> [WORK REQUIRED] Which lines in the data contain the word "along"? Please copy each of them.

[Entries taken from a collection]

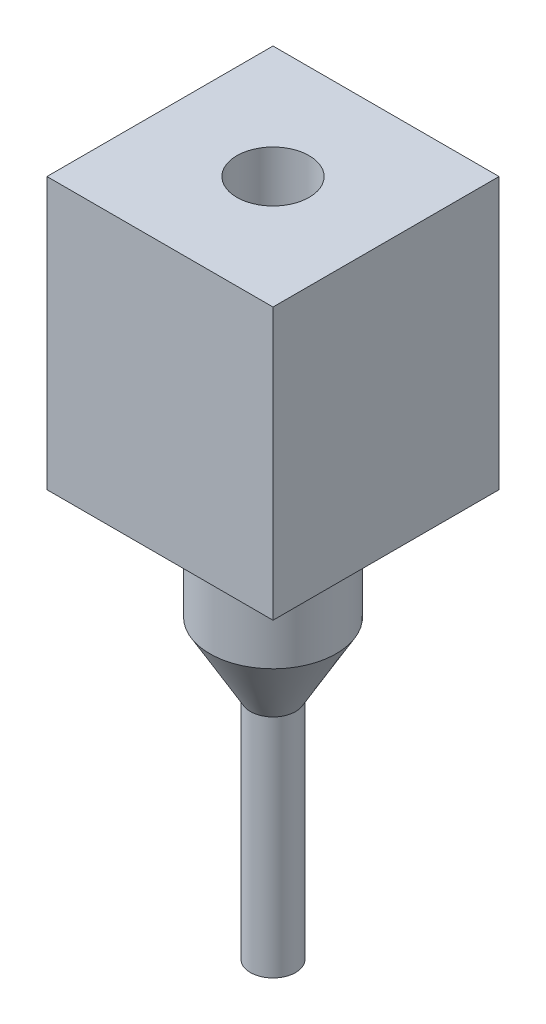
SolidWorks part; units mm, degrees
ref_plane "Спереди" through (0, 0, 0) normal (0, 0, 1) x (1, 0, 0)
ref_plane "Сверху" through (0, 0, 0) normal (0, 1, 0) x (1, 0, 0)
ref_plane "Справа" through (0, 0, 0) normal (1, 0, 0) x (0, 0, -1)
sketch "Эскиз1" plane through (0, 0, 0) normal (0, 1, 0) x (1, 0, 0)
  line L1 (1.25, 1.25) -> (-1.25, 1.25)
  line L2 (1.25, 1.25) -> (1.25, -1.25)
  line L3 (1.25, -1.25) -> (-1.25, -1.25)
  line L4 (-1.25, 1.25) -> (-1.25, -1.25)
  line L5 (1.25, 1.25) -> (-1.25, -1.25) construction
  line L6 (1.25, -1.25) -> (-1.25, 1.25) construction
  point P0 (0, 0)
  dimension "D1" = 2.5
extrude "Бобышка-Вытянуть1" add sketch "Эскиз1" along normal blind 3
sketch "Эскиз2" plane through (0, 0, 0) normal (0, -1, 0) x (1, 0, 0)
  circle A0 centre (0, 0) radius 0.7
  dimension "D1" = 1.4
extrude "Бобышка-Вытянуть2" add sketch "Эскиз2" along normal blind 2
chamfer "Фаска1" distance 0.7794 angle 30 1 edges at (0, -2, -0.7)
sketch "Эскиз3" plane through (0, -2, 0) normal (0, -1, 0) x (1, 0, 0)
  circle A1 centre (0, 0) radius 0.25
  circle A2 centre (0, 0) radius 0.25
  dimension "D1" = 0
extrude "Бобышка-Вытянуть3" add sketch "Эскиз3" along normal blind 2.5
sketch "Эскиз4" plane through (0, 3, 0) normal (0, 1, 0) x (1, 0, 0)
  circle A0 centre (0, 0) radius 0.4
  dimension "D1" = 0.8
extrude "Вырез-Вытянуть1" cut sketch "Эскиз4" against normal blind 2.5
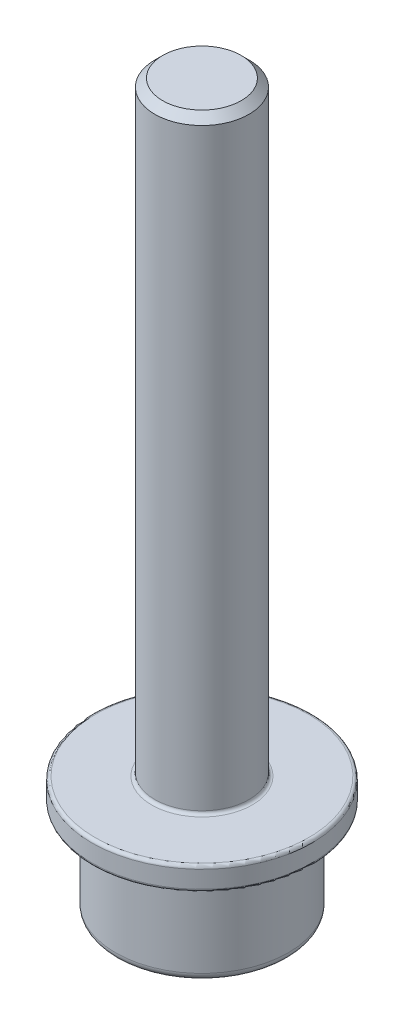
SolidWorks part; units mm, degrees
ref_plane "Front Plane" through (0, 0, 0) normal (0, 0, 1) x (1, 0, 0)
ref_plane "Top Plane" through (0, 0, 0) normal (0, 1, 0) x (1, 0, 0)
ref_plane "Right Plane" through (0, 0, 0) normal (1, 0, 0) x (0, 0, -1)
sketch "Sketch1" plane through (0, 0, 0) normal (0, 1, 0) x (1, 0, 0)
  circle A0 centre (0, 0) radius 2.75
  dimension "D1" = 5.5
extrude "Boss-Extrude1" add sketch "Sketch1" along normal blind 3
sketch "Sketch2" plane through (0, 3, 0) normal (0, 1, 0) x (1, 0, 0)
  circle A0 centre (0, 0) radius 1.5
  dimension "D1" = 3
extrude "Boss-Extrude2" add sketch "Sketch2" along normal blind 20 contours A0
sketch "Sketch3" plane through (0, 0, 0) normal (0, -1, 0) x (1, 0, 0)
  line L1 (0.9342, 0.9746) -> (-0.3769, 1.2963)
  line L2 (-0.3769, 1.2963) -> (-1.3111, 0.3217)
  line L3 (-1.3111, 0.3217) -> (-0.9342, -0.9746)
  line L4 (-0.9342, -0.9746) -> (0.3769, -1.2963)
  line L5 (0.3769, -1.2963) -> (1.3111, -0.3217)
  line L6 (1.3111, -0.3217) -> (0.9342, 0.9746)
  circle A0 centre (0, 0) radius 1.1691 construction
  dimension "D1" = 2.7
extrude "Cut-Extrude1" cut sketch "Sketch3" against normal blind 1.5
chamfer "Chamfer1" distance 0.25 distance2 0.25 6 edges at (-0.2786, 0, -1.1355) (-1.1226, 0, -0.3264) (-0.844, 0, 0.809) (0.2786, 0, 1.1355) (1.1226, 0, 0.3264) (0.844, 0, -0.809)
fillet "Fillet1" radius 0.25 1 edges at (0, 0, 2.75)
chamfer "Chamfer2" distance 0.25 angle 45 1 edges at (0, 23, 1.5)
fillet "Fillet2" radius 0.1 1 edges at (0, 3, 2.75)
sketch "Sketch4" plane through (0, 3, 0) normal (0, 1, 0) x (1, 0, 0)
  circle A0 centre (0, 0) radius 1.5
  circle A1 centre (0, 0) radius 3.5
  circle A2 centre (0, 0) radius 1.5 construction
  dimension "D1" = 7
extrude "Boss-Extrude3" add sketch "Sketch4" along normal blind 0.75
fillet "Fillet3" radius 0.1 3 edges at (0, 3.75, 1.5) (0, 3.75, 3.5) (0, 3, 3.5)
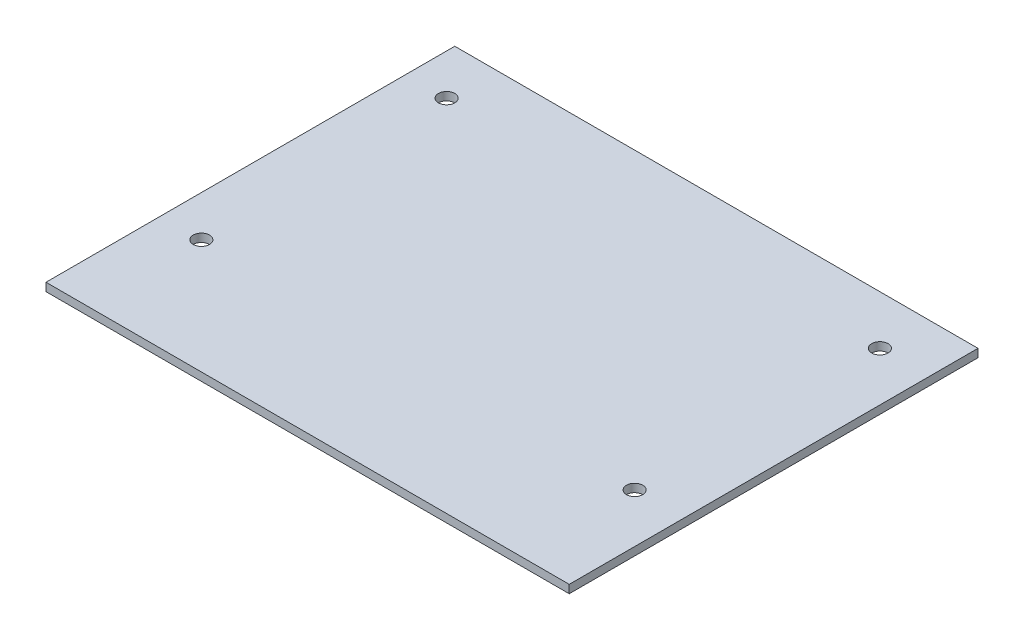
SolidWorks part; units mm, degrees
ref_plane "Front Plane" through (0, 0, 0) normal (0, 0, 1) x (1, 0, 0)
ref_plane "Top Plane" through (0, 0, 0) normal (0, 1, 0) x (1, 0, 0)
ref_plane "Right Plane" through (0, 0, 0) normal (1, 0, 0) x (0, 0, -1)
sketch "Sketch1" plane through (0, 0, 0) normal (0, 1, 0) x (1, 0, 0)
  line L1 (-203.2, 158.75) -> (203.2, 158.75)
  line L2 (-203.2, 158.75) -> (-203.2, -158.75)
  line L3 (-203.2, -158.75) -> (203.2, -158.75)
  line L4 (203.2, 158.75) -> (203.2, -158.75)
  line L5 (-203.2, 158.75) -> (203.2, -158.75) construction
  line L6 (-203.2, -158.75) -> (203.2, 158.75) construction
  point P0 (0, 0)
  dimension "D1" = 406.4
  dimension "D2" = 317.5
extrude "Boss-Extrude1" add sketch "Sketch1" along normal blind 6.35
hole_wizard "1/2 (0.5) Diameter Hole1" positions "Sketch4" profile "Sketch5" hole size "1/2" standard "ANSI Inch"
sketch "Sketch4" plane through (0, 6.35, 0) normal (0, 1, 0) x (1, 0, 0)
  line L0 (203.2, -158.75) -> (203.2, 158.75) construction
  line L1 (203.2, 158.75) -> (-203.2, 158.75) construction
  point P0 (-171.45, 120.65)
  point P2 (165.1, 120.65)
  point P4 (165.1, -69.85)
  point P6 (-171.45, -69.85)
  point P11 (0, 0)
  point P14 (0, 0)
  point P17 (0, 0)
  point P18 (0, 0)
  point P19 (0, 0)
  point P20 (0, 0)
  point P21 (0, 0)
  point P22 (0, 0)
  point P23 (0, 0)
  dimension "D1" = 336.55
  dimension "D2" = 38.1
  dimension "D3" = 38.1
  dimension "D4" = 190.5
sketch "Sketch5" plane through (-171.45, 6.35, -120.65) normal (1, 0, 0) x (0, 0, 1)
  line L0 (0, 0) -> (0, 16.5155)
  line L1 (0, 16.5155) -> (6.35, 12.7)
  line L2 (6.35, 12.7) -> (6.35, 0)
  line L5 (6.35, 0) -> (0, 0)
  line L10 (0, 16.5155) -> (-6.35, 12.7) construction
  line L11 (0, -6.35) -> (0, 107.95) construction
  dimension "Hole Dia." = 12.7
  dimension "Hole Depth" = 12.7
  dimension "Drill Angle" = 118

> [TASK OUTPUT]
extrude "Бобышка-Вытянуть1" add sketch "Эскиз1" along normal blind 3
extrude "Бобышка-Вытянуть2" add sketch "Эскиз2" along normal blind 2
extrude "Бобышка-Вытянуть3" add sketch "Эскиз3" along normal blind 2.5
extrude "Boss-Extrude1" add sketch "Sketch1" along normal blind 3
extrude "Boss-Extrude2" add sketch "Sketch2" along normal blind 20 contours A0
extrude "Boss-Extrude3" add sketch "Sketch4" along normal blind 0.75
extrude "Boss-Extrude1" add sketch "Sketch1" along normal blind 6.35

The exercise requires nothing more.